* The task
In the entries below, find the lines that contain the word "SIMFILE" and copy them.

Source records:
========================================
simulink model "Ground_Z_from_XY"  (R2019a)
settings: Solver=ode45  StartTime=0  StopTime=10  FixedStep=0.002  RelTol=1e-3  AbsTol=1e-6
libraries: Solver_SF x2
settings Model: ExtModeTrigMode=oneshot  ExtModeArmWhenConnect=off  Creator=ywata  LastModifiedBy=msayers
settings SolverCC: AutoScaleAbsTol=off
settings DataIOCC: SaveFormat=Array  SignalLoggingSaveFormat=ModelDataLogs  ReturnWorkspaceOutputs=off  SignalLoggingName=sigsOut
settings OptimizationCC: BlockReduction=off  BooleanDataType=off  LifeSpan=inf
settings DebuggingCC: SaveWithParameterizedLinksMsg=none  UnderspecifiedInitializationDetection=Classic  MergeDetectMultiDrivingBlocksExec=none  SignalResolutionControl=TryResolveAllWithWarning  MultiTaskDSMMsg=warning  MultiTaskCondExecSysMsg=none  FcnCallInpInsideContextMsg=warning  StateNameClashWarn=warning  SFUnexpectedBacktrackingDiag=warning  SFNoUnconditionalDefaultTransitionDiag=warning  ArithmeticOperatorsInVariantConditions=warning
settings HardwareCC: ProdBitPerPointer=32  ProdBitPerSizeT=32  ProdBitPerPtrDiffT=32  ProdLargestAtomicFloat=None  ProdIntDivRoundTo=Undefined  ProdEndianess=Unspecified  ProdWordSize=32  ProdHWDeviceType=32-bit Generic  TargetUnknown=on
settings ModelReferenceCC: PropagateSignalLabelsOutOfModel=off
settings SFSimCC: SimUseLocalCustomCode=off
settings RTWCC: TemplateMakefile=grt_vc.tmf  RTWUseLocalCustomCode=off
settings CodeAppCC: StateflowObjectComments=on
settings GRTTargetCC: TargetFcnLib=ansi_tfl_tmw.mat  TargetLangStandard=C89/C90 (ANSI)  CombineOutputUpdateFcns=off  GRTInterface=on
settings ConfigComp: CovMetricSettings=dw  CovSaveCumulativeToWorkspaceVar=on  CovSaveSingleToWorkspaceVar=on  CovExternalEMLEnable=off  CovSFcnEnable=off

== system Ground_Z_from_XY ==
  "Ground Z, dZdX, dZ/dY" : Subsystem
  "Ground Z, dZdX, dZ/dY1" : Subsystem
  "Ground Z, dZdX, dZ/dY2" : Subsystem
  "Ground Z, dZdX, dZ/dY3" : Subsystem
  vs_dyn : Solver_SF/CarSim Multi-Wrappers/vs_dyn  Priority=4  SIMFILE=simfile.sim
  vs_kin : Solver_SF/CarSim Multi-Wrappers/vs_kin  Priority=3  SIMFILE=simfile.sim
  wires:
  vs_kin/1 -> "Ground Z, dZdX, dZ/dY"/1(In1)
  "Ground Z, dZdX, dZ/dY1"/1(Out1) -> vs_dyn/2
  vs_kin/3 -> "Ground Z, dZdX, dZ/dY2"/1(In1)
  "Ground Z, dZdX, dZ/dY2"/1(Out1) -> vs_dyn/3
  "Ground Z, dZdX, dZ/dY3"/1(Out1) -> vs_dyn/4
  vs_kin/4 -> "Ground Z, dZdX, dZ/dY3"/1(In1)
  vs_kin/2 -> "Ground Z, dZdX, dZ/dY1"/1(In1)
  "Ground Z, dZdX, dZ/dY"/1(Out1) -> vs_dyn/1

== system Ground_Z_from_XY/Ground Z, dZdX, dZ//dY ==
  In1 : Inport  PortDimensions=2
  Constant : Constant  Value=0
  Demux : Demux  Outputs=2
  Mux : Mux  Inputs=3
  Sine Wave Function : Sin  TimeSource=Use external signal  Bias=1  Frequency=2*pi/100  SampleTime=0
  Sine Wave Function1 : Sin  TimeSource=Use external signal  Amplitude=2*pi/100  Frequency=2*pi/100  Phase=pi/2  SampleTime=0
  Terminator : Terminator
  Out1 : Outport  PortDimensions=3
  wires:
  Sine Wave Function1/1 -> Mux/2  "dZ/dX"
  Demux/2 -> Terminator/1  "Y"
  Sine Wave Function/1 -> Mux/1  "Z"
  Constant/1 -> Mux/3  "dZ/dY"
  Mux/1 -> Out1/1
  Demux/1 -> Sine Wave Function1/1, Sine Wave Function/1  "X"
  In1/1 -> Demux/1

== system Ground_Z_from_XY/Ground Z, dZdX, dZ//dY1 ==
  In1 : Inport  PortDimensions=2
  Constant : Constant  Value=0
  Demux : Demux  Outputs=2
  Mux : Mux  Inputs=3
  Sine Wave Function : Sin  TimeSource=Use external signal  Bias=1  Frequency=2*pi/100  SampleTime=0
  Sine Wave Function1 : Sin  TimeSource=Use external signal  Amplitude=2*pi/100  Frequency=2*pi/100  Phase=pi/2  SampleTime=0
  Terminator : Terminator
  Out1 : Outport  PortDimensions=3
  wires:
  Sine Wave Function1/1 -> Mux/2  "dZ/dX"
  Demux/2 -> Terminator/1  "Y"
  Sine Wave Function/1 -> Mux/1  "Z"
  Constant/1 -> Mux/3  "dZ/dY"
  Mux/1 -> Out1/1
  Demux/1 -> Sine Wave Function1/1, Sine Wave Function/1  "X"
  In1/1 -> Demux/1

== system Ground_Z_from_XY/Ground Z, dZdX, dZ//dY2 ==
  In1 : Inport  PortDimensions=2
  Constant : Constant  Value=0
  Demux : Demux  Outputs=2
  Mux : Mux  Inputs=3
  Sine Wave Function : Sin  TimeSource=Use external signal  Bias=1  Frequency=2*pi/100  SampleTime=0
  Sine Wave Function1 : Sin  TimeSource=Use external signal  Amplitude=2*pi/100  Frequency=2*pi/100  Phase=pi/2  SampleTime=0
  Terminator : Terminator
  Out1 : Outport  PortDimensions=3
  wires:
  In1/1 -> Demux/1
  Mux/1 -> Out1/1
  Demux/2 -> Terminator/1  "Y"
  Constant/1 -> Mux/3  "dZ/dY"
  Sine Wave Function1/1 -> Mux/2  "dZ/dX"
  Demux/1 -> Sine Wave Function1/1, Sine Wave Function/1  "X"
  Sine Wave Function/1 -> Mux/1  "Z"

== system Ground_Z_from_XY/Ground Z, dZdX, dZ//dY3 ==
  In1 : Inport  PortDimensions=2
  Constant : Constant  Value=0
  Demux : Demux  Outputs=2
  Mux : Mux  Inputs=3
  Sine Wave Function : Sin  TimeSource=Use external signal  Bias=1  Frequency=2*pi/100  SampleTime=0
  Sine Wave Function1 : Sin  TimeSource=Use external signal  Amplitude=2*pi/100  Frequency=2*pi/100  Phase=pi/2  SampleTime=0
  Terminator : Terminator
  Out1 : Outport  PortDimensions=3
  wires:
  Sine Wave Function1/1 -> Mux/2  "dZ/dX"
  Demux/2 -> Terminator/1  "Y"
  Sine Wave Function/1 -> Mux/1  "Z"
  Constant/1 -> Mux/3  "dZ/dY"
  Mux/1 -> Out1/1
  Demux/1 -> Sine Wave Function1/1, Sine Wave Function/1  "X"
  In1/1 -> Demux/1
========================================
* Exercise solution
  vs_dyn : Solver_SF/CarSim Multi-Wrappers/vs_dyn  Priority=4  SIMFILE=simfile.sim
  vs_kin : Solver_SF/CarSim Multi-Wrappers/vs_kin  Priority=3  SIMFILE=simfile.sim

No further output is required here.